Why do HPO with Ablator?

  • Ablator combines the Ray back-end with Optuna for hyperparameter optimization (HPO), eliminating the need for boilerplate code in fault-tolerant strategies, training, and result analysis.

Importing libraries#

  • Import the Configs, ModelWrapper, and ParallelTrainer from ablator.

  • Import SearchSpace from ablator.main.configs.

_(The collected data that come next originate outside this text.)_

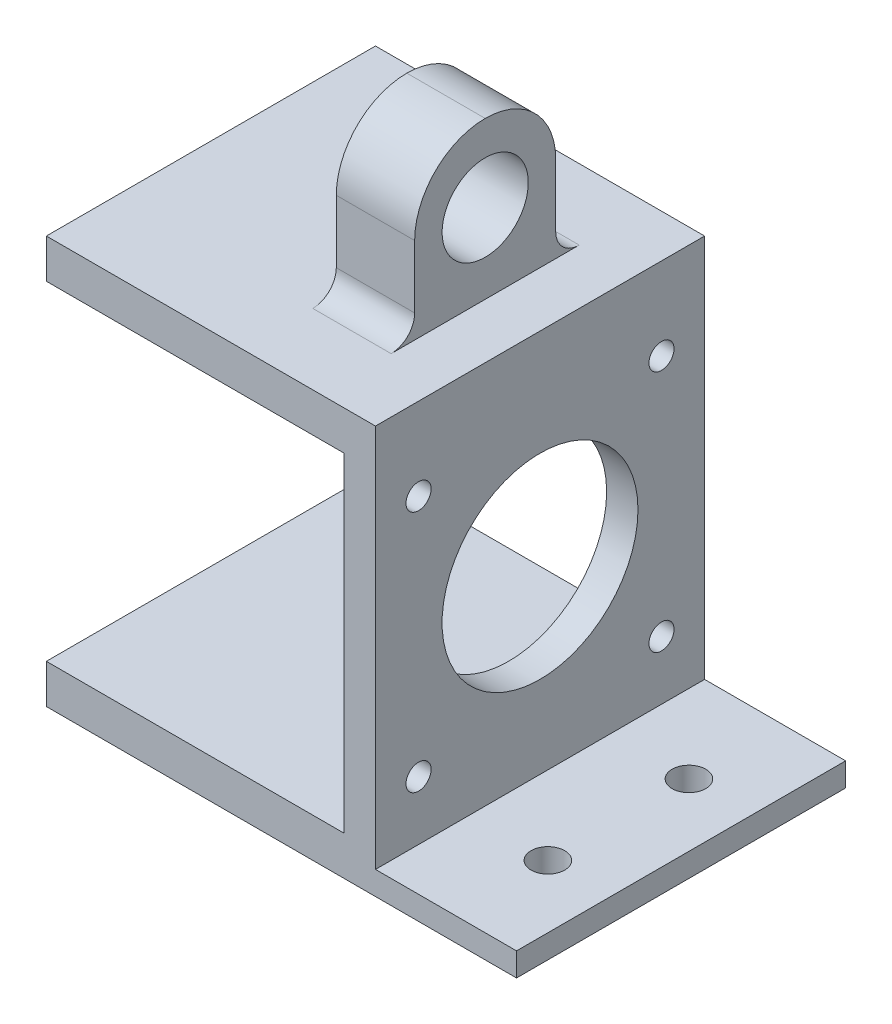
SolidWorks part; units mm, degrees
ref_plane "Front Plane" through (0, 0, 0) normal (0, 0, 1) x (1, 0, 0)
ref_plane "Top Plane" through (0, 0, 0) normal (0, 1, 0) x (1, 0, 0)
ref_plane "Right Plane" through (0, 0, 0) normal (1, 0, 0) x (0, 0, -1)
sketch "Sketch1" plane through (0, 0, 0) normal (0, 1, 0) x (1, 0, 0)
  line L1 (0, 0) -> (94, 0)
  line L2 (0, 0) -> (0, -42)
  line L3 (0, -42) -> (94, -42)
  line L4 (94, 0) -> (94, -42)
  dimension "D1" = 94
  dimension "D2" = 42
extrude "Boss-Extrude1" add sketch "Sketch1" along normal blind 3
sketch "Sketch2" plane through (0, 0, 0) normal (0, -1, 0) x (1, 0, 0)
  line L0 (94, 0) -> (0, 0) construction
  line L1 (0, 42) -> (4, 42)
  line L2 (0, 42) -> (0, 0)
  line L3 (0, 0) -> (4, 0)
  line L4 (4, 42) -> (4, 0)
  line L6 (94, 42) -> (90, 42)
  line L7 (94, 42) -> (94, 0)
  line L8 (94, 0) -> (90, 0)
  line L9 (90, 42) -> (90, 0)
  dimension "D1" = 4
  dimension "D2" = 4
extrude "Boss-Extrude2" add sketch "Sketch2" against normal blind 47
sketch "Sketch3" plane through (94, 0, 0) normal (1, 0, 0) x (0, 0, -1)
  circle B0 centre (-21, 26) radius 12.5
  circle B1 centre (-36.5, 41.5) radius 1.6
  circle B2 centre (-5.5, 41.5) radius 1.6
  circle B3 centre (-36.5, 10.5) radius 1.6
  circle B4 centre (-5.5, 10.5) radius 1.6
sketch_block_instance "stepper mounting hole pattern-1"
sketch_block "stepper mounting hole pattern" parameters "D1"=25, "D2"=3.2, "D3"=3.2, "D4"=3.2, "D5"=3.2
extrude "Cut-Extrude1" cut sketch "Sketch3" against normal through all
sketch "Sketch4" plane through (94, 0, 0) normal (1, 0, 0) x (0, 0, -1)
  line L0 (0, 47) -> (0, 0) construction
  line L1 (-42, 0) -> (0, 0)
  line L2 (-42, 0) -> (-42, 5)
  line L3 (-42, 5) -> (0, 5)
  line L4 (0, 0) -> (0, 5)
  dimension "D1" = 5
extrude "Boss-Extrude3" add sketch "Sketch4" along normal blind 40
sketch "Sketch5" plane through (0, 0, 0) normal (-1, 0, 0) x (0, 0, 1)
  line L0 (42, 47) -> (42, 0) construction
  line L1 (0, 0) -> (42, 0)
  line L2 (0, 0) -> (0, 5)
  line L3 (0, 5) -> (42, 5)
  line L4 (42, 0) -> (42, 5)
  dimension "D1" = 5
extrude "Boss-Extrude4" add sketch "Sketch5" along normal blind 38
sketch "Sketch7" plane through (0, 47, 0) normal (0, 1, 0) x (1, 0, 0)
  line L0 (-38, -42) -> (0, -42) construction
  line L1 (4, 0) -> (-38, 0)
  line L2 (4, 0) -> (4, -42)
  line L3 (4, -42) -> (-38, -42)
  line L4 (-38, 0) -> (-38, -42)
  line L5 (134, -42) -> (94, -42) construction
  line L6 (90, 0) -> (134, 0)
  line L7 (90, 0) -> (90, -42)
  line L8 (90, -42) -> (134, -42)
  line L9 (134, 0) -> (134, -42)
extrude "Boss-Extrude6" add sketch "Sketch7" along normal blind 5
sketch "Sketch9" plane through (0, 3, 0) normal (0, 1, 0) x (1, 0, 0)
  line L0 (4, -42) -> (90, -42) construction
  line L1 (90, 0) -> (90, -42) construction
  line L2 (90, 0) -> (4, 0) construction
  line L3 (4, -42) -> (4, 0) construction
  circle A0 centre (83, -20) radius 2.15
  circle A1 centre (65, -20) radius 2.15
  circle A2 centre (74, -11) radius 2.15
  circle A3 centre (74, -29) radius 2.15
  circle A4 centre (14, -12) radius 2.15
  circle A5 centre (14, -30) radius 2.15
  circle A6 centre (30, -12) radius 2.15
  circle A7 centre (30, -30) radius 2.15
  point P24 (0, 0)
  point P25 (0, 0)
  point P26 (0, 0)
  point P27 (0, 0)
  dimension "D1" = 4.3
  dimension "D2" = 22
  dimension "D3" = 7
  dimension "D4" = 18
  dimension "D5" = 9
  dimension "D6" = 18
  dimension "D7" = 9
  dimension "D8" = 18
  dimension "D9" = 12
  dimension "D10" = 10
  dimension "D11" = 16
extrude "Cut-Extrude2" cut sketch "Sketch9" against normal through all
sketch "Sketch11" plane through (0, 52, 0) normal (0, 1, 0) x (1, 0, 0)
  line L0 (4, -42) -> (4, 0) construction
  line L1 (-13, -12) -> (-3, -12)
  line L2 (-13, -12) -> (-13, -30)
  line L3 (-13, -30) -> (-3, -30)
  line L4 (-3, -12) -> (-3, -30)
  line L5 (4, 0) -> (-38, 0) construction
  line L7 (102, -12) -> (112, -12)
  line L8 (102, -12) -> (102, -30)
  line L9 (102, -30) -> (112, -30)
  line L10 (112, -12) -> (112, -30)
  line L11 (90, 0) -> (90, -42) construction
  dimension "D1" = 10
  dimension "D2" = 7
  dimension "D3" = 18
  dimension "D4" = 12
  dimension "D5" = 18
  dimension "D6" = 10
  dimension "D7" = 12
extrude "Boss-Extrude7" add sketch "Sketch11" along normal blind 20
sketch "Sketch13" plane through (-13, 0, 0) normal (-1, 0, 0) x (0, 0, 1)
  line L0 (0, 0) -> (42, 0) construction
  line L1 (12, 72) -> (12, 52) construction
  circle A0 centre (21, 62.15) radius 5.5
  dimension "D2" = 11
  dimension "D1" = 62.15
  dimension "D3" = 9
extrude "Cut-Extrude3" cut sketch "Sketch13" against normal through all
sketch "Sketch20" plane through (0, 0, 42) normal (0, 0, 1) x (1, 0, 0)
  line L0 (134, 0) -> (134, 52)
  line L1 (134, 52) -> (90, 52)
  line L2 (90, 52) -> (90, 0)
  line L3 (-38, 0) -> (134, 0) construction
  line L4 (90, 0) -> (95, 0)
  line L5 (95, 0) -> (95, 20)
  line L6 (95, 20) -> (102, 26)
  line L7 (102, 26) -> (112, 26)
  line L8 (112, 26) -> (129, 20)
  line L9 (129, 20) -> (129, 0)
  line L10 (129, 0) -> (134, 0)
  dimension "D1" = 5
  dimension "D2" = 5
  dimension "D3" = 10
  dimension "D4" = 7
  dimension "D5" = 20
  dimension "D6" = 6
extrude "Boss-Extrude11" add sketch "Sketch20" along normal blind 5
sketch "Sketch23" plane through (0, 0, 47) normal (0, 0, 1) x (1, 0, 0)
  line L0 (134, 52) -> (90, 52) construction
  line L1 (102, 52) -> (112, 52)
  line L2 (102, 52) -> (102, 26)
  line L3 (102, 26) -> (112, 26)
  line L4 (112, 52) -> (112, 26)
  line L5 (102, 52) -> (112, 52) construction
extrude "Boss-Extrude12" add sketch "Sketch23" along normal blind 50
sketch "Sketch24" plane through (112, 0, 0) normal (1, 0, 0) x (0, 0, -1)
  line L0 (-47, 26) -> (-97, 39)
  line L1 (-97, 26) -> (-97, 52) construction
  line L2 (-97, 39) -> (-97, 26)
  line L3 (-97, 26) -> (-47, 26)
extrude "Cut-Extrude7" cut sketch "Sketch24" against normal through all
sketch "Sketch25" plane through (0, 52, 0) normal (0, 1, 0) x (1, 0, 0)
  line L0 (102, -97) -> (102, -47) construction
  line L1 (102, -62) -> (112, -62)
  line L2 (102, -62) -> (102, -80)
  line L3 (102, -80) -> (112, -80)
  line L4 (112, -62) -> (112, -80)
  line L5 (112, -97) -> (112, -47) construction
  line L6 (102, -30) -> (112, -30) construction
  dimension "D1" = 18
  dimension "D2" = 32
extrude "Boss-Extrude13" add sketch "Sketch25" along normal blind 20
sketch "Sketch26" plane through (112, 0, 0) normal (1, 0, 0) x (0, 0, -1)
  line L0 (-80, 72) -> (-80, 52) construction
  line L1 (-47, 0) -> (0, 0) construction
  circle A0 centre (-71, 62.15) radius 5.5
  dimension "D1" = 11
  dimension "D2" = 9
  dimension "D3" = 62.15
extrude "Cut-Extrude8" cut sketch "Sketch26" against normal through all
sketch "Sketch27" plane through (0, 3, 0) normal (0, 1, 0) x (1, 0, 0)
  line L0 (90, 0) -> (90, -42) construction
  line L1 (41, -12) -> (53, -12)
  line L2 (41, -12) -> (41, -30)
  line L3 (41, -30) -> (53, -30)
  line L4 (53, -12) -> (53, -30)
  line L5 (4, -42) -> (90, -42) construction
  dimension "D1" = 37
  dimension "D2" = 18
  dimension "D3" = 12
  dimension "D4" = 12
extrude "Boss-Extrude14" add sketch "Sketch27" along normal blind 69
sketch "Sketch28" plane through (53, 0, 0) normal (1, 0, 0) x (0, 0, -1)
  line L0 (-12, 72) -> (-12, 3) construction
  line L1 (-47, 0) -> (0, 0) construction
  circle A0 centre (-21, 62.15) radius 5.5
  dimension "D1" = 11
  dimension "D2" = 9
  dimension "D3" = 62.15
extrude "Cut-Extrude10" cut sketch "Sketch28" against normal blind 5
sketch "Sketch29" plane through (41, 0, 0) normal (-1, 0, 0) x (0, 0, 1)
  line L0 (30, 72) -> (30, 3) construction
  line L2 (0, 0) -> (42, 0) construction
  circle A0 centre (21, 62.15) radius 5.5
  dimension "D2" = 11
  dimension "D1" = 9
  dimension "D3" = 62.15
extrude "Cut-Extrude11" cut sketch "Sketch29" against normal blind 5
fillet "Fillet4" radius 9 8 edges at (-8, 72, 12) (-8, 72, 30) (107, 72, 12) (107, 72, 30) (107, 72, 62) (107, 72, 80) (47, 72, 12) (47, 72, 30)
fillet "Fillet3" radius 3 14 edges at (-8, 52, 12) (-8, 52, 30) (107, 52, 12) (107, 52, 30) (107, 52, 62) (107, 52, 80) (129, 20, 44.5) (112, 26, 44.5) (102, 26, 44.5) (95, 20, 44.5) (107, 52, 97) (107, 39, 97) (47, 3, 12) (47, 3, 30)
sketch "Sketch30" plane through (0, 0, 0) normal (0, -1, 0) x (1, 0, 0)
  line L1 (22, 120) -> (134, 120)
  line L2 (22, 120) -> (22, 0)
  line L3 (22, 0) -> (134, 0)
  line L4 (134, 120) -> (134, 0)
  line L5 (-38, 0) -> (-38, 42) construction
  point P9 (0, 0)
  dimension "D1" = 60
  dimension "D2" = 120
extrude "Cut-Extrude13" cut sketch "Sketch30" against normal through all

from ablator import ModelConfig, OptimizerConfig, TrainConfig, RunConfig, ParallelConfig
from ablator import ModelWrapper, ParallelTrainer, configclass
from ablator.main.configs import SearchSpace

import torch
import torch.nn as nn
import torch.optim as optim
from torch.utils.data import DataLoader, Dataset
import torchvision
import torchvision.transforms as transforms

import os
import shutil
from sklearn.metrics import f1_score, accuracy_score

Configurations#

Defining Configs:

  • Optimizer Config: adam (lr = 0.001).

  • Train Config: batch_size = 32, epochs = 10, random weights initialization is set as true.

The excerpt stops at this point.